3. The pretreatment method for a zinc oxide-based ceramic according to claim 1, wherein in the step (2), the SiC sand paper is used to treat the rough sample into cubic regular samples of (10-15) mm, and the mass of each sample is 4-15 g.

4. The pretreatment method for zinc oxide-based ceramics according to claim 1, wherein in the step (3), each sample obtained after grinding is subjected to ultrasonic cleaning on a rough sample by using 100ml of a decontamination solvent, wherein the decontamination solvent comprises the following specific components: acetone: the stain removing oil accounts for 6:2:1.5, and the components are in volume ratio; the ultrasonic cleaning time was 3 minutes.

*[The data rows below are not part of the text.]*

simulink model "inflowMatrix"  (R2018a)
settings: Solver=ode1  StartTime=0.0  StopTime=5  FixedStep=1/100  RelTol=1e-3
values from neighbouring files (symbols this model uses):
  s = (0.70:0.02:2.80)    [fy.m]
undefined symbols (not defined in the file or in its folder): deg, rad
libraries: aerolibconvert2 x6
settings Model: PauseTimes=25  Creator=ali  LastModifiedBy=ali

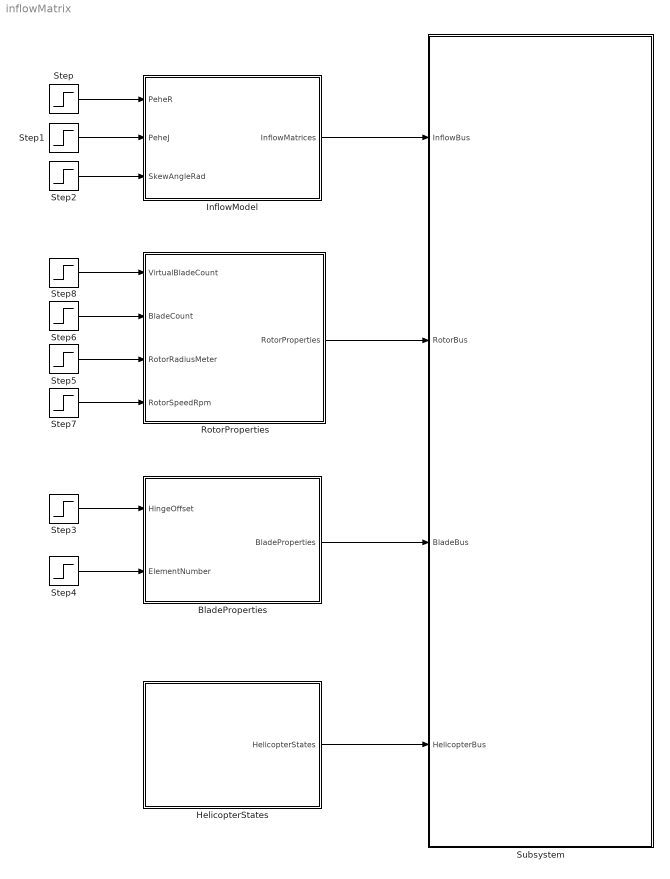
== system inflowMatrix ==
  BladeProperties : Subsystem  TreatAsAtomicUnit=on
  HelicopterStates : Subsystem  TreatAsAtomicUnit=on
  InflowModel : Subsystem  TreatAsAtomicUnit=on
  RotorProperties : Subsystem  TreatAsAtomicUnit=on
  Step : Step  Time=25  Before=2  After=4  SampleTime=0
  Step1 : Step  Time=25  Before=4  After=4  SampleTime=0
  Step2 : Step  Time=0.5  Before=0.0 * pi / 180  After=0.0 * pi / 180  SampleTime=0
  Step3 : Step  Time=0.5  Before=0.01  After=0.01  SampleTime=0
  Step4 : Step  Time=0.5  Before=10  After=10  SampleTime=0
  Step5 : Step  Time=0.5  Before=6  After=6  SampleTime=0
  Step6 : Step  Time=0.5  Before=4  After=4  SampleTime=0
  Step7 : Step  Time=0.5  Before=300  After=300  SampleTime=0
  Step8 : Step  Time=0.5  Before=8  After=8  SampleTime=0
  Subsystem : Subsystem  TreatAsAtomicUnit=on
  wires:
  Step/1 -> InflowModel/1(PeheR)
  Step1/1 -> InflowModel/2(PeheJ)
  Step2/1 -> InflowModel/3(SkewAngleRad)
  Step3/1 -> BladeProperties/1(HingeOffset)
  Step4/1 -> BladeProperties/2(ElementNumber)
  Step5/1 -> RotorProperties/3(RotorRadiusMeter)
  Step6/1 -> RotorProperties/2(BladeCount)
  Step7/1 -> RotorProperties/4(RotorSpeedRpm)
  RotorProperties/1(RotorProperties) -> Subsystem/2(RotorBus)
  BladeProperties/1(BladeProperties) -> Subsystem/3(BladeBus)
  InflowModel/1(InflowMatrices) -> Subsystem/1(InflowBus)
  HelicopterStates/1(HelicopterStates) -> Subsystem/4(HelicopterBus)
  Step8/1 -> RotorProperties/1(VirtualBladeCount)

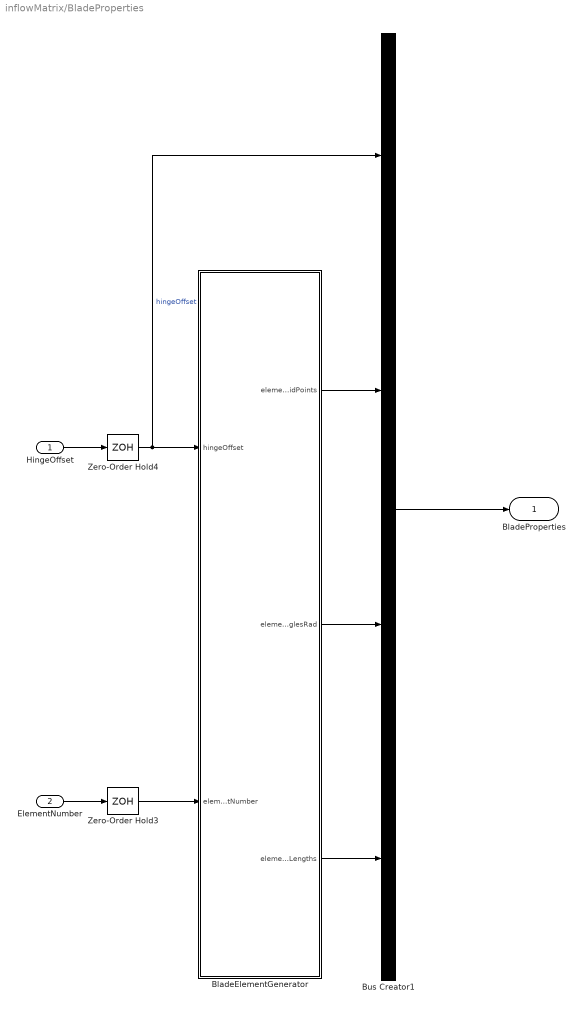
== system inflowMatrix/BladeProperties ==
  HingeOffset : Inport  OutDataTypeStr=double
  ElementNumber : Inport  Port=2  OutDataTypeStr=double
  BladeElementGenerator : MATLAB Function  TreatAsAtomicUnit=on
  Bus Creator1 : BusCreator  Inputs=4
  Zero-Order Hold3 : ZeroOrderHold  SampleTime=-1
  Zero-Order Hold4 : ZeroOrderHold  SampleTime=-1
  BladeProperties : Outport
  wires:
  Zero-Order Hold3/1 -> BladeElementGenerator/2(elementNumber)
  Zero-Order Hold4/1 -> Bus Creator1/1, BladeElementGenerator/1(hingeOffset)  "hingeOffset"
  HingeOffset/1 -> Zero-Order Hold4/1
  ElementNumber/1 -> Zero-Order Hold3/1
  Bus Creator1/1 -> BladeProperties/1
  BladeElementGenerator/1(elementMidPoints) -> Bus Creator1/2
  BladeElementGenerator/2(elementTwistAnglesRad) -> Bus Creator1/3
  BladeElementGenerator/3(elementChordLengths) -> Bus Creator1/4

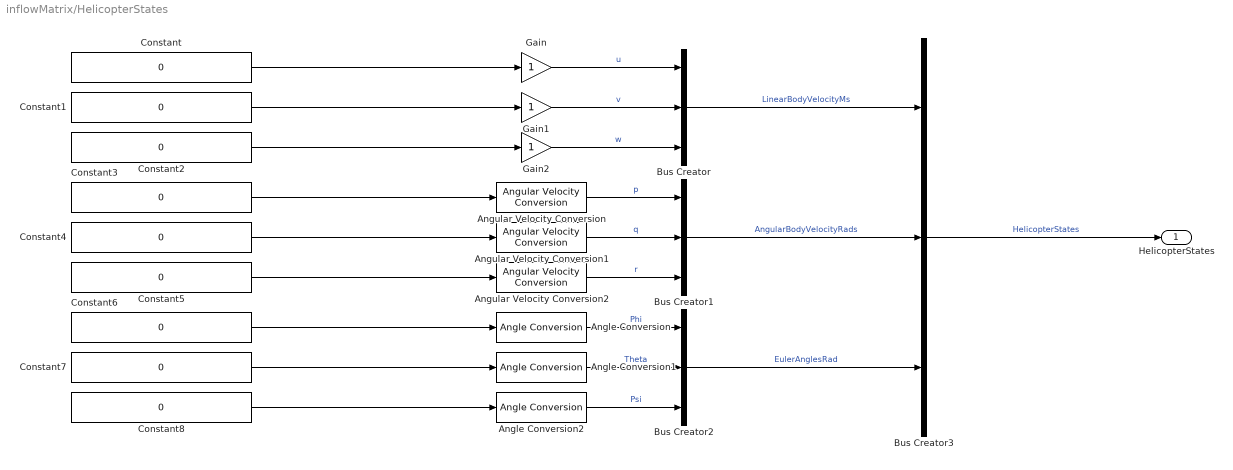
== system inflowMatrix/HelicopterStates ==
  Angle Conversion : aerolibconvert2/Angle Conversion  IU=deg  OU=rad
  Angle Conversion1 : aerolibconvert2/Angle Conversion  IU=deg  OU=rad
  Angle Conversion2 : aerolibconvert2/Angle Conversion  IU=deg  OU=rad
  Angular Velocity Conversion : aerolibconvert2/Angular Velocity Conversion  IU=deg/s  OU=rad/s
      settings: SourceProductName=Aerospace Blockset
  Angular Velocity Conversion1 : aerolibconvert2/Angular Velocity Conversion  IU=deg/s  OU=rad/s
      settings: SourceProductName=Aerospace Blockset
  Angular Velocity Conversion2 : aerolibconvert2/Angular Velocity Conversion  IU=deg/s  OU=rad/s
      settings: SourceProductName=Aerospace Blockset
  Bus Creator{,1..3} (4 alike) : BusCreator  Inputs=3
  Constant{,1..8} (9 alike) : Constant  Value=0
  Gain : Gain
  Gain1 : Gain
  Gain2 : Gain
  HelicopterStates : Outport
  wires:
  Bus Creator/1 -> Bus Creator3/1  "LinearBodyVelocityMs"
  Constant/1 -> Gain/1
  Constant1/1 -> Gain1/1
  Constant2/1 -> Gain2/1
  Gain/1 -> Bus Creator/1  "u"
  Gain1/1 -> Bus Creator/2  "v"
  Gain2/1 -> Bus Creator/3  "w"
  Constant3/1 -> Angular Velocity Conversion/1
  Constant4/1 -> Angular Velocity Conversion1/1
  Constant5/1 -> Angular Velocity Conversion2/1
  Angular Velocity Conversion/1 -> Bus Creator1/1  "p"
  Angular Velocity Conversion1/1 -> Bus Creator1/2  "q"
  Angular Velocity Conversion2/1 -> Bus Creator1/3  "r"
  Constant6/1 -> Angle Conversion/1
  Constant7/1 -> Angle Conversion1/1
  Constant8/1 -> Angle Conversion2/1
  Angle Conversion/1 -> Bus Creator2/1  "Phi"
  Angle Conversion1/1 -> Bus Creator2/2  "Theta"
  Angle Conversion2/1 -> Bus Creator2/3  "Psi"
  Bus Creator1/1 -> Bus Creator3/2  "AngularBodyVelocityRads"
  Bus Creator2/1 -> Bus Creator3/3  "EulerAnglesRad"
  Bus Creator3/1 -> HelicopterStates/1  "HelicopterStates"

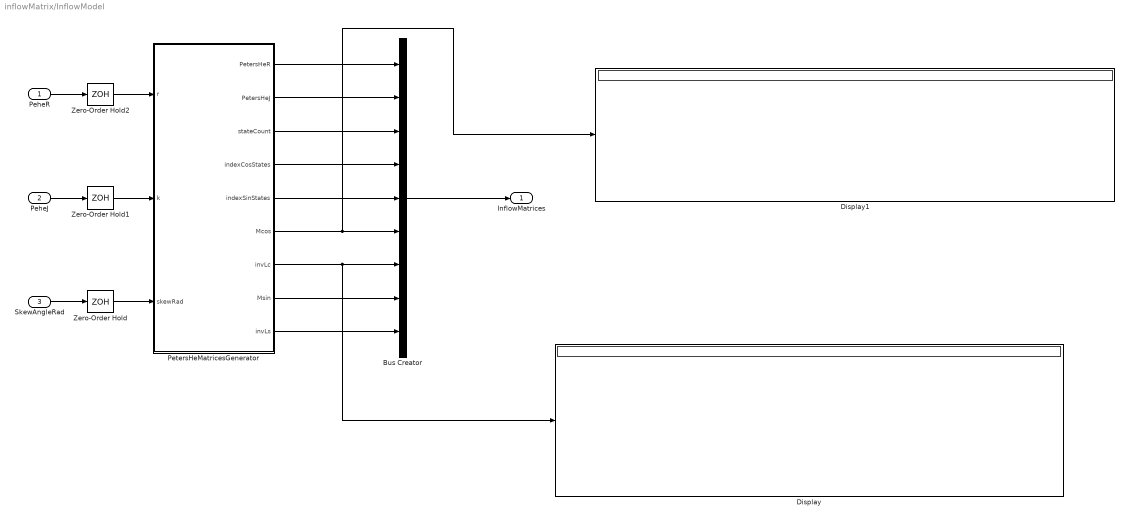
== system inflowMatrix/InflowModel ==
  PeheR : Inport
  PeheJ : Inport  Port=2
  SkewAngleRad : Inport  Port=3
  Bus Creator : BusCreator  Inputs=9
  Display : Display
  Display1 : Display
  PetersHeMatricesGenerator : MATLAB Function  TreatAsAtomicUnit=on
  Zero-Order Hold : ZeroOrderHold  SampleTime=-1
  Zero-Order Hold1 : ZeroOrderHold  SampleTime=-1
  Zero-Order Hold2 : ZeroOrderHold  SampleTime=-1
  InflowMatrices : Outport
  wires:
  Zero-Order Hold1/1 -> PetersHeMatricesGenerator/2(k)
  Zero-Order Hold/1 -> PetersHeMatricesGenerator/3(skewRad)
  PeheR/1 -> Zero-Order Hold2/1
  SkewAngleRad/1 -> Zero-Order Hold/1
  Zero-Order Hold2/1 -> PetersHeMatricesGenerator/1(r)
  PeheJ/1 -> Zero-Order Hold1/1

5. The pretreatment method for zinc oxide-based ceramics according to claim 1, wherein in the step (4), the cleaned sample is dried in a forced air drying oven or a vacuum drying oven at 80 ℃ for 2 hours.

6. The pretreatment method for zinc oxide-based ceramics according to claim 1, wherein in the step (5), the dried sample is pulverized in a tungsten carbide cobalt mortar for 0.5 to 2 hours and sieved for a plurality of times, and the final particle size reaches 40 to 80 meshes.

7. The pretreatment method for zinc oxide-based ceramics according to claim 1, characterized in that in the step (6), the crushed powder is completely dissolved by using a mixed solution with a concentration of 2mol/L, wherein the mixed solution is composed of potassium hydroxide, sodium peroxide, lithium metaborate and lithium tetraborate, the concentrations of the four components are 2mol/L, and the specific amounts are as follows: sodium peroxide: lithium metaborate: lithium tetraborate ═ 1.5: 2: 1:1, and obtaining a clear transparent solution for ICP test of zinc oxide electronic ceramic under ultrasonic wave for 0.5-2 hours.